* [About this task] From the entries provided below, copy each line that contains the word "Commit".

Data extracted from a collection
_ _ _

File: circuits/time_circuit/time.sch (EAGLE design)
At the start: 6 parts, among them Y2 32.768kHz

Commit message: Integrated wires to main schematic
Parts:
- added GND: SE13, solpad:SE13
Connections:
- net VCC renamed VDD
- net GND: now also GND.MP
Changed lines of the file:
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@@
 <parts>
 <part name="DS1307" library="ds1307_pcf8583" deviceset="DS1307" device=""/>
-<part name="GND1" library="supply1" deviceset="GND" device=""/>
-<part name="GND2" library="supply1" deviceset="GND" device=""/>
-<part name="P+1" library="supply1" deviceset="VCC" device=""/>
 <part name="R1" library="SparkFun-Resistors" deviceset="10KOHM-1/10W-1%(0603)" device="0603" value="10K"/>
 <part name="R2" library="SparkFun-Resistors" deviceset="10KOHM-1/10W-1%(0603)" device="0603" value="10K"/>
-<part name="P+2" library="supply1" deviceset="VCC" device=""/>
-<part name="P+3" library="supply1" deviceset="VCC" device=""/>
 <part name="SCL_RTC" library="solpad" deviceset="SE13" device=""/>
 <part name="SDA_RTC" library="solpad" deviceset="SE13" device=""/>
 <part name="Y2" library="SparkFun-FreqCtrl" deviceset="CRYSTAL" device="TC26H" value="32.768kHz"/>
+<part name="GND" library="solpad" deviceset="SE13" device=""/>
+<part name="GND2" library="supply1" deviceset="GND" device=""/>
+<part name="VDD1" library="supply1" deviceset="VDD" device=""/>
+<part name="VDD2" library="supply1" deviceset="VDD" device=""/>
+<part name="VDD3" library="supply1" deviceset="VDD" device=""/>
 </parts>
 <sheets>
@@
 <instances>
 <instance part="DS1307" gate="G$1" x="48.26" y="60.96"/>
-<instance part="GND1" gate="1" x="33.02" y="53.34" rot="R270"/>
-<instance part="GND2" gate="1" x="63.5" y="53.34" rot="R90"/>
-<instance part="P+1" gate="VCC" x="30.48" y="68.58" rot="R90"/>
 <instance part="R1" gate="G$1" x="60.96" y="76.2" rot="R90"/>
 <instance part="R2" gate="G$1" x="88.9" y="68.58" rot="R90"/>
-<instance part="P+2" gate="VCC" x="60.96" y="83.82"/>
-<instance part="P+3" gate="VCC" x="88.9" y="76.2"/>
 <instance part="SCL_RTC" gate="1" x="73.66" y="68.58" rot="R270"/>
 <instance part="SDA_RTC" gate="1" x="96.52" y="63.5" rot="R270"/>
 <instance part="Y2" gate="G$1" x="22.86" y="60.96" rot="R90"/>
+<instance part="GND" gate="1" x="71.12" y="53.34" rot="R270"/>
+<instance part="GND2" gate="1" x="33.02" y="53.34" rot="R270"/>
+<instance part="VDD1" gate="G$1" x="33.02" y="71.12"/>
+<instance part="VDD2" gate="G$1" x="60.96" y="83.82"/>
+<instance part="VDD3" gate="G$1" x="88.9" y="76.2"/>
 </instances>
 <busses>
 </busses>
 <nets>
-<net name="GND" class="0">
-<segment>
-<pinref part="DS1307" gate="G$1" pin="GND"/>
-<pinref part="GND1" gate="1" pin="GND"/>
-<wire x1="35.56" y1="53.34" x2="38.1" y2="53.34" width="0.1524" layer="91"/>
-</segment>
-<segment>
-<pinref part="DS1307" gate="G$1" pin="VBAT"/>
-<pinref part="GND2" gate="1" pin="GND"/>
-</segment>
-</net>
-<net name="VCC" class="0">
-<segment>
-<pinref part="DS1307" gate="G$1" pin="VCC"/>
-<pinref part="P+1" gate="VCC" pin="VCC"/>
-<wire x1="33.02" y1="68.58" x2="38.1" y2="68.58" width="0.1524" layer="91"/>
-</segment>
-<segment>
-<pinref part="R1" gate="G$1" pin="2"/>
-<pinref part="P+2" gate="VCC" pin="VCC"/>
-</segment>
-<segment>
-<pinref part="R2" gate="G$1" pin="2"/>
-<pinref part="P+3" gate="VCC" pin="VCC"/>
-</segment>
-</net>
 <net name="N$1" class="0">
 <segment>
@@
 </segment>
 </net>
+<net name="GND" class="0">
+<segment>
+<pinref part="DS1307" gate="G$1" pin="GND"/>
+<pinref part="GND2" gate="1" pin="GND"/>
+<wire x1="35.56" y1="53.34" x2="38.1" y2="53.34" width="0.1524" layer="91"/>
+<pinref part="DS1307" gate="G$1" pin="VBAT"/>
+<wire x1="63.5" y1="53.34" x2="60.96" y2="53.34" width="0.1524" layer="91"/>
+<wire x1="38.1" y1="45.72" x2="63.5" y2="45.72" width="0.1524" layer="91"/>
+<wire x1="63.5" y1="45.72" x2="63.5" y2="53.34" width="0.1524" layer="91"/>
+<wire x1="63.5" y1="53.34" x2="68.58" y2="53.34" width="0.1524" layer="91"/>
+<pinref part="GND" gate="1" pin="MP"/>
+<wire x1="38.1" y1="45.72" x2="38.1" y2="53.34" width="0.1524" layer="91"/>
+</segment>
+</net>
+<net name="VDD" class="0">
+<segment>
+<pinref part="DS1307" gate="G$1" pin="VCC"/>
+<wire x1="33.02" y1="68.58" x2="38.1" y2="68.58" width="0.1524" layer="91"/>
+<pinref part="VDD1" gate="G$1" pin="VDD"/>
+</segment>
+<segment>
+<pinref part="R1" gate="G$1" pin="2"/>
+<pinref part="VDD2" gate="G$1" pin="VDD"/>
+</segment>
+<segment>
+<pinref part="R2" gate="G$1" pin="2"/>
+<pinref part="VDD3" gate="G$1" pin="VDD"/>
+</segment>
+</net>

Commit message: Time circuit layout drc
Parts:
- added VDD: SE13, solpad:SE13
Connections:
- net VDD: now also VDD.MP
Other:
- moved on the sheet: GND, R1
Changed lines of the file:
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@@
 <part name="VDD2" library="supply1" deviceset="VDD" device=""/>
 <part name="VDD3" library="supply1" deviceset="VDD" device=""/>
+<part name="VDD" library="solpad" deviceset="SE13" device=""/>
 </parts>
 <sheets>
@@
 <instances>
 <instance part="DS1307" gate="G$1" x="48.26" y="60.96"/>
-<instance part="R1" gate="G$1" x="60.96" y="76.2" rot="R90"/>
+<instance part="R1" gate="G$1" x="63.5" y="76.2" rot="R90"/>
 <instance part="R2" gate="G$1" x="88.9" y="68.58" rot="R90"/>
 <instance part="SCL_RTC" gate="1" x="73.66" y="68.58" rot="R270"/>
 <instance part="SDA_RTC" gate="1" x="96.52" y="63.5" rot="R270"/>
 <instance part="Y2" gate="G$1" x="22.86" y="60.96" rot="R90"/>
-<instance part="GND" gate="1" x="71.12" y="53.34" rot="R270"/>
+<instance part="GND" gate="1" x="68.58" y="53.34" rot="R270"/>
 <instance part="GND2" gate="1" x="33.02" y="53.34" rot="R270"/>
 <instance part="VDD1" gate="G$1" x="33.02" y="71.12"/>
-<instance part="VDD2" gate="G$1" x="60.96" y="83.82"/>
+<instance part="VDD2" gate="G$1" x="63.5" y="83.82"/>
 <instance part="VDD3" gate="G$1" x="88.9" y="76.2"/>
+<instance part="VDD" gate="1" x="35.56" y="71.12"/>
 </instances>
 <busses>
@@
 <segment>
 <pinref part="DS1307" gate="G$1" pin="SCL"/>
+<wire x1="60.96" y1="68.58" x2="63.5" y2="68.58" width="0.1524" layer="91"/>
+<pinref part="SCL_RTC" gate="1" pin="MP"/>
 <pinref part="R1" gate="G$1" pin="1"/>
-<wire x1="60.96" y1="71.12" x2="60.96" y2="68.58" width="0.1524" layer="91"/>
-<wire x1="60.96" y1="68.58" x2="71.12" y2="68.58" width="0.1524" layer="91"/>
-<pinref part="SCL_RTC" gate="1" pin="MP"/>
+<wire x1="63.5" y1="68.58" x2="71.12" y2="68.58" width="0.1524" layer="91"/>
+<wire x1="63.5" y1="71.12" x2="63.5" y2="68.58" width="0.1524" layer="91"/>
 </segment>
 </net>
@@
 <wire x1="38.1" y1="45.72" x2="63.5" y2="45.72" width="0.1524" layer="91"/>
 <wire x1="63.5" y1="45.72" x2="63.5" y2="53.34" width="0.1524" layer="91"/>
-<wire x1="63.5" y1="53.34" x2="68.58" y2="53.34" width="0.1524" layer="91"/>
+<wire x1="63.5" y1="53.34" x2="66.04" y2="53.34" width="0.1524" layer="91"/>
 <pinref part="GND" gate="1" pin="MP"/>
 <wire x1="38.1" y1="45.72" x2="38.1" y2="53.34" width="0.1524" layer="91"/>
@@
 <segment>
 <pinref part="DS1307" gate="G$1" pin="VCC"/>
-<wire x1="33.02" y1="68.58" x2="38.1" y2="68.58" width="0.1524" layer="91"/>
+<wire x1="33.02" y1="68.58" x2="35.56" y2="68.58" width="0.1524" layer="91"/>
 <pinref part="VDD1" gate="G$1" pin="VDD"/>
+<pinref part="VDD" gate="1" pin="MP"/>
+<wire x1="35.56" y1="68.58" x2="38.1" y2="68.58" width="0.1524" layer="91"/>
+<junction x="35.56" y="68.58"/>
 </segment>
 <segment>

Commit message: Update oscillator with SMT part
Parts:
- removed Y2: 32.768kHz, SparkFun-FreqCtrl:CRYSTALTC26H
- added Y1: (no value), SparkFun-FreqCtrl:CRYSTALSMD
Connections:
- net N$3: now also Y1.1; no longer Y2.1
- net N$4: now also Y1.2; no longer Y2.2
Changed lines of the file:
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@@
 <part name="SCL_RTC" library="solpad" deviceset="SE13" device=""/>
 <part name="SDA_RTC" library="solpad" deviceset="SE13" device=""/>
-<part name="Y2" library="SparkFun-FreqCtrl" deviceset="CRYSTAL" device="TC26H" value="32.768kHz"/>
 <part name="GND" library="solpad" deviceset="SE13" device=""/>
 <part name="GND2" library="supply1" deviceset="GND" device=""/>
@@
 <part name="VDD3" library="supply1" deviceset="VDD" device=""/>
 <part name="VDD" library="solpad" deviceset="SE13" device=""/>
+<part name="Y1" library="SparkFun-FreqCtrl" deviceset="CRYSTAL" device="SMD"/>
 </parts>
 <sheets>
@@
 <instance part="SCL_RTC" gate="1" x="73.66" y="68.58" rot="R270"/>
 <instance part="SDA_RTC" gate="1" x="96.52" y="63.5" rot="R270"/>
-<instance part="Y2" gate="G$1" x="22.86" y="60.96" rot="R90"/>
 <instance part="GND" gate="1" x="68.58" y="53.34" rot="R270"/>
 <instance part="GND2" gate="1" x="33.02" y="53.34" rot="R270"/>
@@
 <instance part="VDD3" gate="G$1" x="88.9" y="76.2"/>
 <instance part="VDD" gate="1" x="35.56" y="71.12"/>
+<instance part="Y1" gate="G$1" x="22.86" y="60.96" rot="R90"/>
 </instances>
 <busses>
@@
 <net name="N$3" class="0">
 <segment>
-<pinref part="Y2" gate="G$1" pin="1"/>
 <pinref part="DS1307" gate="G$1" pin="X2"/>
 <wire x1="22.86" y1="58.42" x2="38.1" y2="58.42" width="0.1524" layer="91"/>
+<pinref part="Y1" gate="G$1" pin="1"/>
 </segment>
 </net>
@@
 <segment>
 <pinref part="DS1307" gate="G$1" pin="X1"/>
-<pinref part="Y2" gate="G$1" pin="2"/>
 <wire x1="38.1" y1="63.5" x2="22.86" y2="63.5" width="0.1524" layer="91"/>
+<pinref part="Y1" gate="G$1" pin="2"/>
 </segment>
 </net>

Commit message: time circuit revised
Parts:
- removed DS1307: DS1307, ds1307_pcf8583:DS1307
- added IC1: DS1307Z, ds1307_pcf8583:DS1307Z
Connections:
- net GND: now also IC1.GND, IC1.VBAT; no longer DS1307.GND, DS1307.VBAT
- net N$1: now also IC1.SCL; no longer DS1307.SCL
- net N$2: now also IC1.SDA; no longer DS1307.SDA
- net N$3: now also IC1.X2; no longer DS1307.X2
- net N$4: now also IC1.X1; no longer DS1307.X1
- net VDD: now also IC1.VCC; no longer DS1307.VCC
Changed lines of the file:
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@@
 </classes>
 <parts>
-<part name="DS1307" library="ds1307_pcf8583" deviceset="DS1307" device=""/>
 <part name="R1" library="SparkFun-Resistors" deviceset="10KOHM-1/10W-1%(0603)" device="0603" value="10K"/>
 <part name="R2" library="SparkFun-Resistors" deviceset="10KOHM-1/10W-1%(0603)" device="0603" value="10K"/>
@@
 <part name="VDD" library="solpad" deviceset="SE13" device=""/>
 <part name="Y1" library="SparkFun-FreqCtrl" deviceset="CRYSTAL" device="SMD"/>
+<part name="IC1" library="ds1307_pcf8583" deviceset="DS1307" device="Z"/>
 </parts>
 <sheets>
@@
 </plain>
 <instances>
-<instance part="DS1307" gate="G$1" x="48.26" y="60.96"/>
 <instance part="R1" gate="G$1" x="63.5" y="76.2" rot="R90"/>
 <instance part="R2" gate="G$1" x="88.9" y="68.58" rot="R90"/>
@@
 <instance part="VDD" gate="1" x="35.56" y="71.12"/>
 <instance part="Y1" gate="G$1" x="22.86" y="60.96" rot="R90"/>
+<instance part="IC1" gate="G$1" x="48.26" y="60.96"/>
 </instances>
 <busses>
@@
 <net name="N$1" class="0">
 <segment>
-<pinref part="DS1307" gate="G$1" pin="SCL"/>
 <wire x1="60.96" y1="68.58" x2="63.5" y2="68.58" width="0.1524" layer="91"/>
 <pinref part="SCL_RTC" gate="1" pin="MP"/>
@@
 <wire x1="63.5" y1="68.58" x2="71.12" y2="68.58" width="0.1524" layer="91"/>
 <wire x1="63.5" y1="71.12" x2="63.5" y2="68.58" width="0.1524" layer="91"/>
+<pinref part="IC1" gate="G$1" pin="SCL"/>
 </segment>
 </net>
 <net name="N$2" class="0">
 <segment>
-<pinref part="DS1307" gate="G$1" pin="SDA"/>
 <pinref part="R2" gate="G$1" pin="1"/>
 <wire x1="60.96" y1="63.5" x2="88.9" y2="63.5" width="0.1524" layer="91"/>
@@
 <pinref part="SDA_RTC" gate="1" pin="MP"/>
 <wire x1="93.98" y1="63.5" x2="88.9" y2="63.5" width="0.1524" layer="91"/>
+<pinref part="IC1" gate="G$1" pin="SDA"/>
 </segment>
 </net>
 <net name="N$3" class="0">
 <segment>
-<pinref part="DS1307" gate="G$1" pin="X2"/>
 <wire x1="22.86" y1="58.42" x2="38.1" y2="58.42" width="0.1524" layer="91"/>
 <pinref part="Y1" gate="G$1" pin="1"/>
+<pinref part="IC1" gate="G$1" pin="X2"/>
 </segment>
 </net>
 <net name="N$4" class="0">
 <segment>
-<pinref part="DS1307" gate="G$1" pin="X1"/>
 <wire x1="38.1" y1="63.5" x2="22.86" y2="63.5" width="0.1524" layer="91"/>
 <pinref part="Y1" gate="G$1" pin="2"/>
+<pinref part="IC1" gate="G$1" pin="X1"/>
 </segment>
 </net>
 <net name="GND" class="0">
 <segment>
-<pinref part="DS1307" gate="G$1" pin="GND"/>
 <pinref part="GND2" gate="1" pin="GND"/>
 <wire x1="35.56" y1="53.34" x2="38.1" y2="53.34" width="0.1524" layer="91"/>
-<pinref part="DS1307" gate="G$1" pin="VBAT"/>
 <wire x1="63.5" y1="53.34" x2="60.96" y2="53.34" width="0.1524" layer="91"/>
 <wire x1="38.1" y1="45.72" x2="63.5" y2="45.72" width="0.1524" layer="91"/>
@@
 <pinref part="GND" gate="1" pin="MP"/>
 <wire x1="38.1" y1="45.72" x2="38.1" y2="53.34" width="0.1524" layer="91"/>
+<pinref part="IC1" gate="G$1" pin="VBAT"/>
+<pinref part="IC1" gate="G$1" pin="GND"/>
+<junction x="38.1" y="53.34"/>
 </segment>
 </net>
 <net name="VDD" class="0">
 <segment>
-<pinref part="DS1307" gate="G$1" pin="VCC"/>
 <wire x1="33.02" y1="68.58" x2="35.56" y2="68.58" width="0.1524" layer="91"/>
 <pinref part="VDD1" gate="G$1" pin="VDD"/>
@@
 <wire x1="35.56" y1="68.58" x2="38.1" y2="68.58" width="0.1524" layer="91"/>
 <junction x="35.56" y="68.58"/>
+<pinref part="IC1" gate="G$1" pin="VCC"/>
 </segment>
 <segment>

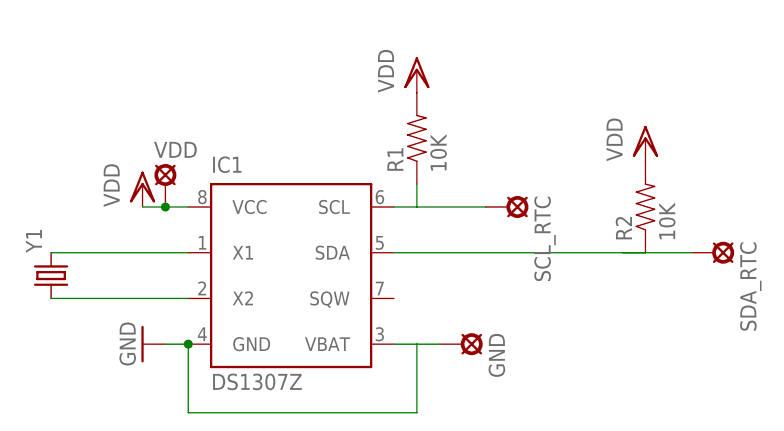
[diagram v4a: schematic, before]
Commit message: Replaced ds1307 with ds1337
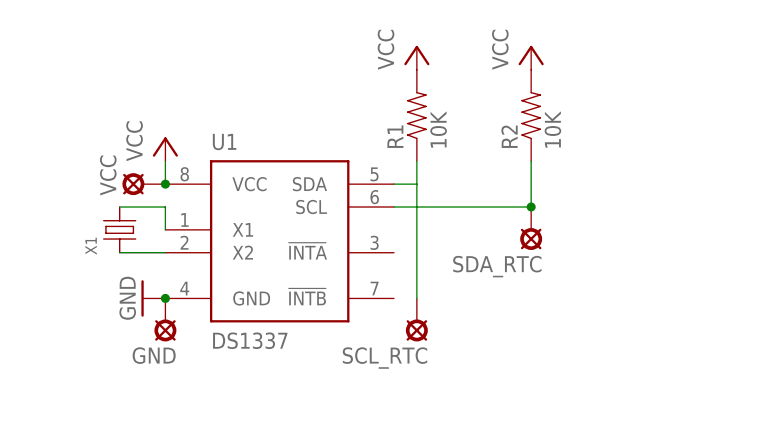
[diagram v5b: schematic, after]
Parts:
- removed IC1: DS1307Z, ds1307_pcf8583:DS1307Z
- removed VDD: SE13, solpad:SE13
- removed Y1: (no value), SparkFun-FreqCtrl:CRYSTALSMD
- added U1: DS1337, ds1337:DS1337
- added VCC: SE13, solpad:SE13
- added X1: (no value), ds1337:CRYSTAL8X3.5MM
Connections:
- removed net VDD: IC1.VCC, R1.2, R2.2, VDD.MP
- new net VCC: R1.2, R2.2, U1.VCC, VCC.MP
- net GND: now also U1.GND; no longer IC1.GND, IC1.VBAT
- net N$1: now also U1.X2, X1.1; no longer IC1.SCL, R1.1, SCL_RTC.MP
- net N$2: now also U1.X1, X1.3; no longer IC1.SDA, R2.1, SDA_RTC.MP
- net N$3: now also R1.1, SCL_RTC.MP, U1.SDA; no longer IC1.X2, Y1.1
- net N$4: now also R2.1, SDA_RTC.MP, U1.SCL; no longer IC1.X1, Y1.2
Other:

_ _ _

* [Reply]
Commit message: Integrated wires to main schematic
Commit message: Time circuit layout drc
Commit message: Update oscillator with SMT part
Commit message: time circuit revised
Commit message: Replaced ds1307 with ds1337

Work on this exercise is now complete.